When researchers or policy makers require access to secure datasets, the use of a TRE can centralize the application and analysis process while ensuring proper data stewardship among all parties. Requesting access to a number of datasets individually in a responsible and secure manner can often take up significant time and resources with the need to arrange bespoke data licensing and sharing arrangements. This can be particularly challenging for individual researchers or small project teams working with short time frames and especially if responding to urgent policy issues (Vindrola-Padros, Reference Vindrola-Padros2019). TREs mitigate these administrative barriers by centralizing data sharing through secure platforms, researcher training and accreditation, project approvals, and strict disclosure checks on any outputs. Accessing these data securely and working with them alongside other potentially open data provides researchers with increased potential for deeper insights from multiple, granular resources, and complementing analyses. These strengths were valued by all Local Authorities we engaged with, who appreciated their centralized infrastructure at reducing the resources they would otherwise require to deliver themselves.

The TRE landscape is complex with varying consensus over terminology, scope, legal frameworks, and guiding principles. In the broadest sense, the Open Data Institute (ODI) employs the definition that: a data trust provides independent, fiduciary stewardship of data (Hardinges, Reference Hardinges2020). This is meant to reflect the different purposes that infrastructure may have depending on the different contexts and needs for data sharing across stakeholders (e.g., public, private, academic). Many different structures of data trusts can be developed under varying legal or non-legal arrangements. Specific agreements can be arranged between relevant parties as long as the broad legal issues of data protection and disclosure are addressed in guiding terms of references, contracts or organizational policies (Delacroix and Lawrence, Reference Delacroix and Lawrence2019; Stalla-Bourdillon et al., Reference Stalla-Bourdillon, Carmichael and Wintour2021; UK AI Council, 2021). This leaves a range of potential public-private data-sharing frameworks where different data resources can be worked on together in a secure environment for socially-conscious research benefits.

The LDS project was conducted in the UK context, making use of national data infrastructure and resources, primarily through the ONS. Secure and responsible access to data and the use of data trusts is a national priority for research, development, and skills advancement (Office for Artificial Intelligence, 2021). The framework of using secure environments for research that is based upon sensitive data is, however, increasingly applicable in many contexts. The use of some form of TRE is recognized as good practice and adopted by many different institutions, internally within public or government agencies, in private sector workplaces, or through research or data services. Public agencies at the national or local level often make use of these infrastructures to manage their secure data used for in-house analysis. Outside of this, TRE-type infrastructures are frequently used in more commercial or private ventures with data stores holding specific data collected or managed by an organization, potentially available for external research use (e.g., private mobile network operator data platforms) (Delacroix and Lawrence, Reference Delacroix and Lawrence2019; Hubbard et al., Reference Hubbard, Reilly, Varma and Seymour2020; Kavianpour et al., Reference Kavianpour, Sutherland, Mansouri-Benssassi, Coull and Jefferson2022).

There are many TRE environments dedicated to providing secure data for research purposes––whether for academic, public policy, or socially-facing development work. For example, in the UK there are a range of dedicated secure environments with different surveys, registries, or secondary data resources available, such as the ESRC’s UK Data Service or across various different official government departments or ministries, related to health data or otherwise. The Wales-based Secured Anonymised Information Linkage (SAIL) Databank is a model example of a TRE hosting secure and linked health and population data and providing invaluable research opportunities. More topic-specific data research services can also be hosted through research centers or academic institutions hosting multiple data licensing agreements for research purposes (e.g., ESRC Consumer Data Research Centre). The LDS program fits in with this broad context to exploit the secure-open data framework for local policy analysis within one of these TREs––the ONS SRS.

The ONS is just one of many different types of providers of secure TREs for research use.
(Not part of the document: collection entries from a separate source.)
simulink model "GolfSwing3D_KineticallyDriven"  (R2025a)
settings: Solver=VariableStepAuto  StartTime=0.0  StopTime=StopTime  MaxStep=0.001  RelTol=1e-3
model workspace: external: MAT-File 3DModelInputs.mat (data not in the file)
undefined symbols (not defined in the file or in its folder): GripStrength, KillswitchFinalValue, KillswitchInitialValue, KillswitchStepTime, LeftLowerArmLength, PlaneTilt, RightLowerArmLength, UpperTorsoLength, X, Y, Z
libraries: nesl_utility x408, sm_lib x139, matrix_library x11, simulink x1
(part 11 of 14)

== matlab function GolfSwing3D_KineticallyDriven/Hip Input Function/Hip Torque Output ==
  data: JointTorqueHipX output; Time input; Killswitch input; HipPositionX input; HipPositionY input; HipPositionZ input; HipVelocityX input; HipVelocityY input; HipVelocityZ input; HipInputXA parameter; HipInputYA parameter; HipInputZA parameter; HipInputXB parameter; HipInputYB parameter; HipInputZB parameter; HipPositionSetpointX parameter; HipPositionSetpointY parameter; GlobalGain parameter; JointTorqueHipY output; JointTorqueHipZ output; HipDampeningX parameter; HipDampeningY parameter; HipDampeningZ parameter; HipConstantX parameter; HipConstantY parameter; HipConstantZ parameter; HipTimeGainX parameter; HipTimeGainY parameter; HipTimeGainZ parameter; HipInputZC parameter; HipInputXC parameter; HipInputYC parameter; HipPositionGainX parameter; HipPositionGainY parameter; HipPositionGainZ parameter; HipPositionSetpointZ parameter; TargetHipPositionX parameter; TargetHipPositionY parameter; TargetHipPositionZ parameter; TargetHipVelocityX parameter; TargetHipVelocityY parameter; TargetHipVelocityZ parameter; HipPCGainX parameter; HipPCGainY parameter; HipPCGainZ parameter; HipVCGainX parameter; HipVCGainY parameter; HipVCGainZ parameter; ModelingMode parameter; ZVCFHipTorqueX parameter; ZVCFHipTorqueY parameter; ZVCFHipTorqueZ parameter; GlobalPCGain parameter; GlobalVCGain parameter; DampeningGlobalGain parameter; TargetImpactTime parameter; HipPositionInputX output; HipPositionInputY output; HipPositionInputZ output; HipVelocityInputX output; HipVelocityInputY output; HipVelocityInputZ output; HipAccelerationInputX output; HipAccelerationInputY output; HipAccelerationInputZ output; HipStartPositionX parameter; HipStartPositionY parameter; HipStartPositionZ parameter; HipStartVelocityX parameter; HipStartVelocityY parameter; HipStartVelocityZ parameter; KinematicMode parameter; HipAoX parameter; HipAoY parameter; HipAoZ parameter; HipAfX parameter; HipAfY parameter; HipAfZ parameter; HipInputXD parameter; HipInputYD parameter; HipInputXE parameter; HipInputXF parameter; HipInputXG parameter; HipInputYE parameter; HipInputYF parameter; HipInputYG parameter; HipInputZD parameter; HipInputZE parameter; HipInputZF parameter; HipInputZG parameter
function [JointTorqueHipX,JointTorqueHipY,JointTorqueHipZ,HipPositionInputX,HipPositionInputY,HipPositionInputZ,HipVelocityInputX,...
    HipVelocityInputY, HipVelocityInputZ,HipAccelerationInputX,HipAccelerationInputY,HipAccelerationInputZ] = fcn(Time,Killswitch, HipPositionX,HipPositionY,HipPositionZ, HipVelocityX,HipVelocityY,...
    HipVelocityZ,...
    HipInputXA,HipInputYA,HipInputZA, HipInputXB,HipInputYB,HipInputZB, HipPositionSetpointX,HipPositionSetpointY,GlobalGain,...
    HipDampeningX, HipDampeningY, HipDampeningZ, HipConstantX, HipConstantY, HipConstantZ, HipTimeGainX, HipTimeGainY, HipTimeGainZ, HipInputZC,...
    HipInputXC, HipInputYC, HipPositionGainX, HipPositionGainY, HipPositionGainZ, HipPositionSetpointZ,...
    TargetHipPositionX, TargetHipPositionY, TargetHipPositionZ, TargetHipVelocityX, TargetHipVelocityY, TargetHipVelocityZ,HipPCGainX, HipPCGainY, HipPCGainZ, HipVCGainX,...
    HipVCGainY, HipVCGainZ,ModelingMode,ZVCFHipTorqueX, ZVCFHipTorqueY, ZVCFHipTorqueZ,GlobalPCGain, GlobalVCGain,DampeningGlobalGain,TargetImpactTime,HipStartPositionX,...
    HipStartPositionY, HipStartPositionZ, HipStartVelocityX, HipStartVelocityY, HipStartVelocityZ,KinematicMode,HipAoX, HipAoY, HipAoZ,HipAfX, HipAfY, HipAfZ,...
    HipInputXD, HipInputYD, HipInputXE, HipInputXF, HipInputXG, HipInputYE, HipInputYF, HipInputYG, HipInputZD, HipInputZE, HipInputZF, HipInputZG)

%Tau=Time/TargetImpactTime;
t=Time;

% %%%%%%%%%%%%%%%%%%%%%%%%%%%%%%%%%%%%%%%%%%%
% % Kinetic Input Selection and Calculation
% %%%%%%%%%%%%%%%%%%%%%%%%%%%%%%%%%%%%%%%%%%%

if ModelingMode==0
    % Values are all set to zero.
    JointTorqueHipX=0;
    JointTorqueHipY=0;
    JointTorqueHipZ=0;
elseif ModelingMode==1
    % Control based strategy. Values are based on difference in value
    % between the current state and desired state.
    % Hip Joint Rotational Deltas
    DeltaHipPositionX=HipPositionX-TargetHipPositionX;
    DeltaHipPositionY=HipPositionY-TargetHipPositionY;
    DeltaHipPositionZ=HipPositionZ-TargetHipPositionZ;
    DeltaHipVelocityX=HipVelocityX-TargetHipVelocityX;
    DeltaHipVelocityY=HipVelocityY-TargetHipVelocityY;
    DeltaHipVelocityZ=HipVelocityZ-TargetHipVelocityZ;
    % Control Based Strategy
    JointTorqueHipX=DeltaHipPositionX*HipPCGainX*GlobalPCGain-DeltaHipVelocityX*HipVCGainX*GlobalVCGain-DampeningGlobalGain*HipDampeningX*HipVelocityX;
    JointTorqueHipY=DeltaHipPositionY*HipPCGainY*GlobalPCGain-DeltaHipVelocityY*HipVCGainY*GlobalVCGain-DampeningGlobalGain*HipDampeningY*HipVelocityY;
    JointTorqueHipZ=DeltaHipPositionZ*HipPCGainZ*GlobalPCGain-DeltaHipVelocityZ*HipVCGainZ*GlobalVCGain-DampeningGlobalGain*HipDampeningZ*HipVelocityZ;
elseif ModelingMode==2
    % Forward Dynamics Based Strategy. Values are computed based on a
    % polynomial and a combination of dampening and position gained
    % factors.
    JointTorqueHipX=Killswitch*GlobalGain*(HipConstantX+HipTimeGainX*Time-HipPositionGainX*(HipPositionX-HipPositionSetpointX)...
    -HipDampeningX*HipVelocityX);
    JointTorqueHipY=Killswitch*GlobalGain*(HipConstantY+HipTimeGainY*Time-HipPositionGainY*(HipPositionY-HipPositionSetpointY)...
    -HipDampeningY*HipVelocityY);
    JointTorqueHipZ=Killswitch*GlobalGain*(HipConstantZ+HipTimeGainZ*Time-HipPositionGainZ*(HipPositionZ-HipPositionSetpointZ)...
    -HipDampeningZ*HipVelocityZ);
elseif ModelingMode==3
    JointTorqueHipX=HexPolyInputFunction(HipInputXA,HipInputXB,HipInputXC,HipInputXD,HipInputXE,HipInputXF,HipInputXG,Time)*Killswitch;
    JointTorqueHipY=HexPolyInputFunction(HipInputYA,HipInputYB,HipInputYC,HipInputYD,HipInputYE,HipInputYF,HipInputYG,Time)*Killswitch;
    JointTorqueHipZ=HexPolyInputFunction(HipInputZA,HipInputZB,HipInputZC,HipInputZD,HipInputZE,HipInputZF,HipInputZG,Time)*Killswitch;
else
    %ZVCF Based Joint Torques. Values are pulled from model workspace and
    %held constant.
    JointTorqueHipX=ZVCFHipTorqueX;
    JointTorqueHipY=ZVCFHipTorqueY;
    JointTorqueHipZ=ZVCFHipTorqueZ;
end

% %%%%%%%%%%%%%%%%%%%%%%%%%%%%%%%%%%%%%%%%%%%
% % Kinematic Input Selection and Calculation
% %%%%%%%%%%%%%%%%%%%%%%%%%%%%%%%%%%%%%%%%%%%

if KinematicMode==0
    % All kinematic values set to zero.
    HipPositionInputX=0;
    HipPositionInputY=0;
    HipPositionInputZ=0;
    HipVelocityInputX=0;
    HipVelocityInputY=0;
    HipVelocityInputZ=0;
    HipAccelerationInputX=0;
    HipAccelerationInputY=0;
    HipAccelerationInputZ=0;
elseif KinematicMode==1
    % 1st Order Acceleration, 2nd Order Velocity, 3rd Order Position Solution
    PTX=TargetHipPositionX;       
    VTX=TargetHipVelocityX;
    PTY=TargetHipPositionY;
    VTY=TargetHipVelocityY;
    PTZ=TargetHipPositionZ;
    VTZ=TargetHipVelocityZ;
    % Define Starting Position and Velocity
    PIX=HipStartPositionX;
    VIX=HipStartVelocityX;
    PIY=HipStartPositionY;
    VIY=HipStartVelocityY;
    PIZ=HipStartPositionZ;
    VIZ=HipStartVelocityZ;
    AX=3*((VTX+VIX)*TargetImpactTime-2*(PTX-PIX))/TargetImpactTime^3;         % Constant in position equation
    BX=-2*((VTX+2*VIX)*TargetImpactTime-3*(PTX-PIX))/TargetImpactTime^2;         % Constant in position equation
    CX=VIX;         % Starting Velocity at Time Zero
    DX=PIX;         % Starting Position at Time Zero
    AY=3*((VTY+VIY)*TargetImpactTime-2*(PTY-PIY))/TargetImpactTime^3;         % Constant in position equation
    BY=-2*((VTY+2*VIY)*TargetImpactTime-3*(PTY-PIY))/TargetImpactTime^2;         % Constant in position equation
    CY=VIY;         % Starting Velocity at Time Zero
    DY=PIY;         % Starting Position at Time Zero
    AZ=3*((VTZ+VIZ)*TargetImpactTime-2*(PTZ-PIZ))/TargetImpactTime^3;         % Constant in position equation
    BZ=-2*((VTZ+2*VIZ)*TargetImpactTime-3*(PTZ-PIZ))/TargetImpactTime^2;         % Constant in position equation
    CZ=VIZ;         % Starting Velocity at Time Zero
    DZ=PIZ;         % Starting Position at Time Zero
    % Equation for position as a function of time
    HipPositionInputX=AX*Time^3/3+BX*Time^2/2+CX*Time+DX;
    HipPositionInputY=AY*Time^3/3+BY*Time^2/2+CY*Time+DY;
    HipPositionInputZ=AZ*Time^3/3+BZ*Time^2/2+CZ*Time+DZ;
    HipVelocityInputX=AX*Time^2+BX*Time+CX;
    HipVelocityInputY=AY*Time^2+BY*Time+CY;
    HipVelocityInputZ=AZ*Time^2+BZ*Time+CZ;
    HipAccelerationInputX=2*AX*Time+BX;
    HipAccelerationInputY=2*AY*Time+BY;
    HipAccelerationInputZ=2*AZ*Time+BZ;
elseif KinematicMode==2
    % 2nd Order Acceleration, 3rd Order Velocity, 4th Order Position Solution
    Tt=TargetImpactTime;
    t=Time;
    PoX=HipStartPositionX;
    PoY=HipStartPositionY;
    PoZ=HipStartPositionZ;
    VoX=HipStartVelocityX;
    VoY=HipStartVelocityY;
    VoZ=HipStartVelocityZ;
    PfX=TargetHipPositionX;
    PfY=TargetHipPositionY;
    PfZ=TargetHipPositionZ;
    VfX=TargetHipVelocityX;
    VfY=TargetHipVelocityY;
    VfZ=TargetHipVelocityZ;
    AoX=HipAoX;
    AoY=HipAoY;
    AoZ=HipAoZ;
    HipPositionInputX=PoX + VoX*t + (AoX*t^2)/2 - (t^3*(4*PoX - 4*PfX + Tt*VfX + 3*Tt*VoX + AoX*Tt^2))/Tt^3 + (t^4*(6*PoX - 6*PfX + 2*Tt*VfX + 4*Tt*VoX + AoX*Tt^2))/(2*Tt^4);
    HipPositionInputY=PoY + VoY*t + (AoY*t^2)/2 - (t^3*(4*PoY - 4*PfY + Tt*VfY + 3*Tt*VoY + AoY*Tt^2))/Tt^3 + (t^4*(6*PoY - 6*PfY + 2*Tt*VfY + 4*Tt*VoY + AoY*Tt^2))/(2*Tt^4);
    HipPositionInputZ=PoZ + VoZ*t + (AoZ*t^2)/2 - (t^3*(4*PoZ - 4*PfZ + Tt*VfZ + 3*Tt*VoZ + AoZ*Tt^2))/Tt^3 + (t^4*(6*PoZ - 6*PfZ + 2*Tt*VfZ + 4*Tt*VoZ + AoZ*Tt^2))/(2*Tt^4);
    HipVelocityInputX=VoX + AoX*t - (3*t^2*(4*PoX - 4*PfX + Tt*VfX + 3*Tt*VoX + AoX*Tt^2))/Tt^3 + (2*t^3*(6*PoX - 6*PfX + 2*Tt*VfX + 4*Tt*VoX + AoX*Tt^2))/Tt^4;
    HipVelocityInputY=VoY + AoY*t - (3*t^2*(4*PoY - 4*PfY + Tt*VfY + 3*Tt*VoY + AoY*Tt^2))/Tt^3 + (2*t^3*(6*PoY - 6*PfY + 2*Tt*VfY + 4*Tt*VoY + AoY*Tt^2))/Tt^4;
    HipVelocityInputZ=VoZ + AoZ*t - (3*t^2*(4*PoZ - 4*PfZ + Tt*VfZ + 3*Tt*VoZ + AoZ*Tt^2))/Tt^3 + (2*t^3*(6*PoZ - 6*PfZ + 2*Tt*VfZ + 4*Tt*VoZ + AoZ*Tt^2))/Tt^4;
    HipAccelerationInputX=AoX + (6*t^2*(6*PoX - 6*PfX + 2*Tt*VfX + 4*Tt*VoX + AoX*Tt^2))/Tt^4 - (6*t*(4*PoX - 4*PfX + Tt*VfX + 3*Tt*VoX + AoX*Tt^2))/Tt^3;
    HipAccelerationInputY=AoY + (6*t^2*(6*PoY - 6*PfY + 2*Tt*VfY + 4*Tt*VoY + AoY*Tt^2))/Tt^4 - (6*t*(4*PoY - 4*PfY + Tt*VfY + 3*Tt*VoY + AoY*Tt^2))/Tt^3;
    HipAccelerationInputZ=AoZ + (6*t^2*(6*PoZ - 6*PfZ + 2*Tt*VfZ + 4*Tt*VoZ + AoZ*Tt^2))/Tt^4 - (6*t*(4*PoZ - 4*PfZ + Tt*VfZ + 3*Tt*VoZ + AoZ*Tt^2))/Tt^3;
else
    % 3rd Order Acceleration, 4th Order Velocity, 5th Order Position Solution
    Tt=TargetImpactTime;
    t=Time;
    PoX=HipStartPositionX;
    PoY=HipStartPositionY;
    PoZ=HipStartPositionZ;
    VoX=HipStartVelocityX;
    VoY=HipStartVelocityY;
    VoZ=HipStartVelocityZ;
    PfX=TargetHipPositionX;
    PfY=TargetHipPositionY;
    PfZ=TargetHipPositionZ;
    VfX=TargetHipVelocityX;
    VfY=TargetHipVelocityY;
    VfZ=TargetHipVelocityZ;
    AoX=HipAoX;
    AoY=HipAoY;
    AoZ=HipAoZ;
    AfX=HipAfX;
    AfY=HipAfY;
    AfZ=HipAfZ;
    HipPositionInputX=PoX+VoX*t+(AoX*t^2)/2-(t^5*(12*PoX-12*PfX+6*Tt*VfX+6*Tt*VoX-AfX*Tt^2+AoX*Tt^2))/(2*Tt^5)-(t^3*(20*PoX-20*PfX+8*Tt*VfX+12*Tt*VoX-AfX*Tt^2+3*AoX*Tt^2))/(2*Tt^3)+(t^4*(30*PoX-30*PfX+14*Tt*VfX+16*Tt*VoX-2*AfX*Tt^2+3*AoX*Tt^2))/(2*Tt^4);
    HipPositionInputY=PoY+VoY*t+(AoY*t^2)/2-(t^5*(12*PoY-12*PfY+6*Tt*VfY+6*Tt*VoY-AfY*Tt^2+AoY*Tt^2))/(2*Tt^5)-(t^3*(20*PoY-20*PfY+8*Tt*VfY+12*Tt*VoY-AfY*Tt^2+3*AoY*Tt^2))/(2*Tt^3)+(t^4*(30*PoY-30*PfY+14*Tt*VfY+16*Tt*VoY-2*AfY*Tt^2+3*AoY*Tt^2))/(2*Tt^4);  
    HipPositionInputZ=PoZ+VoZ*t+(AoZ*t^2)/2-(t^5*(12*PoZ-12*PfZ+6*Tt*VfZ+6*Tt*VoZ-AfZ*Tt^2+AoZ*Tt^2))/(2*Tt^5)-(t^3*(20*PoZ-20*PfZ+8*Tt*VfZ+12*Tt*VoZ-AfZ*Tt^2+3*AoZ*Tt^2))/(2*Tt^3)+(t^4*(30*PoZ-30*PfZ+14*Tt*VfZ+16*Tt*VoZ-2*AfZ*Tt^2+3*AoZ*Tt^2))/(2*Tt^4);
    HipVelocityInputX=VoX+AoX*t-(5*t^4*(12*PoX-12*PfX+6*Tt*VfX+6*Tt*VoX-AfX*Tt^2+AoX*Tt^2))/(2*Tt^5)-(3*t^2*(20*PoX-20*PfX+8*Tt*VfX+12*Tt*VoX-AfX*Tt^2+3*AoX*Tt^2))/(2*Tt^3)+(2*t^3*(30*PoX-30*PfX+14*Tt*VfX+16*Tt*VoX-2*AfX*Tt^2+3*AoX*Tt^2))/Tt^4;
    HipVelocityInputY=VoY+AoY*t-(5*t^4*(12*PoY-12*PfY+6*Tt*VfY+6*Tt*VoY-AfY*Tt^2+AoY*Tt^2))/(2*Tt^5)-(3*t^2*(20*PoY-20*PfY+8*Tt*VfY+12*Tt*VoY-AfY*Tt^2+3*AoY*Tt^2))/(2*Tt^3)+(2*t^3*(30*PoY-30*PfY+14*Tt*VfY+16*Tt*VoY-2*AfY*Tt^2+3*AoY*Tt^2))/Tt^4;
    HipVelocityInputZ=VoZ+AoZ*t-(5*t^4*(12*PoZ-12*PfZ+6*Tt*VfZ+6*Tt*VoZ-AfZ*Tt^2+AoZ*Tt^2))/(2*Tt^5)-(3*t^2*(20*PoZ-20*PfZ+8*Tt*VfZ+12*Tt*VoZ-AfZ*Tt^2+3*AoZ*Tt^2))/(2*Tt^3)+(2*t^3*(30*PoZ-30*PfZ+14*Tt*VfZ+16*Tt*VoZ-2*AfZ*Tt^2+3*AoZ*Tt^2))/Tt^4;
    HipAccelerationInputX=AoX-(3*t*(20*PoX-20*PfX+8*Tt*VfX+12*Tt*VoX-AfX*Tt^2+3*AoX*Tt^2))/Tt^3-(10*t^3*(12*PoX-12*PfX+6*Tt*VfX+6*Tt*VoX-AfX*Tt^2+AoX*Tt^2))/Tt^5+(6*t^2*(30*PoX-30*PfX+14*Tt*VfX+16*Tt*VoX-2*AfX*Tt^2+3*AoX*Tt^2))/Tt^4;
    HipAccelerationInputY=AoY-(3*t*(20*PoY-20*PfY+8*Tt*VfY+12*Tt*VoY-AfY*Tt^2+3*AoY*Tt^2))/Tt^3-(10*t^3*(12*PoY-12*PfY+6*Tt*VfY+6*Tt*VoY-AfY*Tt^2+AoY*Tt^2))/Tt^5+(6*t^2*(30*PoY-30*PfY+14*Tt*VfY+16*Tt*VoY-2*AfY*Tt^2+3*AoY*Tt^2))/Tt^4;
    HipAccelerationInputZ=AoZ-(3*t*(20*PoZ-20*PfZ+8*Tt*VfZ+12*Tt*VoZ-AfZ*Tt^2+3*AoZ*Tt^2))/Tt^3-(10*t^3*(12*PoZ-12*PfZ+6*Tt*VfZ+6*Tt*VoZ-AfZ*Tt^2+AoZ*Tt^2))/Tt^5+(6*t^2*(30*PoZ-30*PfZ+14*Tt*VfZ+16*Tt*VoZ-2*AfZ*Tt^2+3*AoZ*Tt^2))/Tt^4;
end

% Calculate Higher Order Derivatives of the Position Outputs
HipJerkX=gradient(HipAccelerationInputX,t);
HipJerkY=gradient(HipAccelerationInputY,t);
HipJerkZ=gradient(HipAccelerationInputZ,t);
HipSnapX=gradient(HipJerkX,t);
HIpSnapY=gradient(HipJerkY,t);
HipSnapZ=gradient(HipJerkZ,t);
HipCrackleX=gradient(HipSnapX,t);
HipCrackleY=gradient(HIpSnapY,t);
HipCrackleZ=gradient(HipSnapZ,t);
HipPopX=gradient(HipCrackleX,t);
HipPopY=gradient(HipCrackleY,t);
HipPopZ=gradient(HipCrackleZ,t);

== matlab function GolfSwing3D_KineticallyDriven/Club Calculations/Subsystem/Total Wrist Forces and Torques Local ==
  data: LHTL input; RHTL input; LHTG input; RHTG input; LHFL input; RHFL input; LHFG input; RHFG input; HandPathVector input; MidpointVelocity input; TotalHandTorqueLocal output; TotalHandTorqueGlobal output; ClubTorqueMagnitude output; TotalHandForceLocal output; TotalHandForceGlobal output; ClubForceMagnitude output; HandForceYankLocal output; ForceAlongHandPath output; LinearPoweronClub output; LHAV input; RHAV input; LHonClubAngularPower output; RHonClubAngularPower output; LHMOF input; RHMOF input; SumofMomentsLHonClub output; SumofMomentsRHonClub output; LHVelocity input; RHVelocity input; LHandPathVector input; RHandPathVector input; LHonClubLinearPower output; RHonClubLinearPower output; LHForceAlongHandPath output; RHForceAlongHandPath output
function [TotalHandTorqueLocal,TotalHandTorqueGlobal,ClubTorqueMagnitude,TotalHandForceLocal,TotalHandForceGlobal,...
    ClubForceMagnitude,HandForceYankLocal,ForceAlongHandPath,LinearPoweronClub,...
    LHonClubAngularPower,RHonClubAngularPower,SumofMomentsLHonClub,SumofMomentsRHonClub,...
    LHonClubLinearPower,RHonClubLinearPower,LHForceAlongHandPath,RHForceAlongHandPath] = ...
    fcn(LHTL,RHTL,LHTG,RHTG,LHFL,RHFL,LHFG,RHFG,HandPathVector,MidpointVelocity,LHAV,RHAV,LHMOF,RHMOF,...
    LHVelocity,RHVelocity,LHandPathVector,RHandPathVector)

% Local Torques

It is in a particularly strong position since they are the national statistics agency for the UK and can offer varying access to the official UK national censuses, surveys, or other collected and administrative data related to the population, economy, and society. The ONS itself is the production arm of its broader parent agency, the UK Statistics Authority, which has a reporting function to parliament on topics related to national accounting, data protection, and use for public policy. Furthermore, the UK TRE landscape is not unique. There are a range of similar strategies being developed in countries around the world to promote socially responsible research using secure data in a trusted environment (Paprica et al., Reference Paprica, Sutherland, Smith, Brudno, Cartagena, Crichlow, Courtney, Loken, McGrail, Ryan, Schull, Thorogood, Virtanen and Yang2020; Zhang, Reference Zhang2021). The LDS program should be easily deployable across different countries and contexts, offering value at brokering data access in TREs and impact-led research.

Safeguards and limitations for TRE researchers

Particular safeguards and limits are enforced when working within the parameters of secure data. These can impose time or resource constraints on researchers if not adequately prepared for them, and it is important to plan in advance to minimize their disruption––especially if accessing the data within short research project timespans. Working within a TRE, such as the SRS, often requires working in isolated (physical or virtual) lab spaces without connection to external resources (e.g., Internet), limited capabilities for importing or exporting pre-scripted code for cleaning or analysis, and may require additional time if specific coding libraries or packages are not directly available within the TRE. These safeguards on the movement of objects into and out of the TRE can create additional steps that a researcher may need to take in order to complete a project. The core considerations for data analysis within a TRE include:

  • Access to TRE will typically require some form of researcher accreditation to validate skills in data security and management. These may also vary between different TREs.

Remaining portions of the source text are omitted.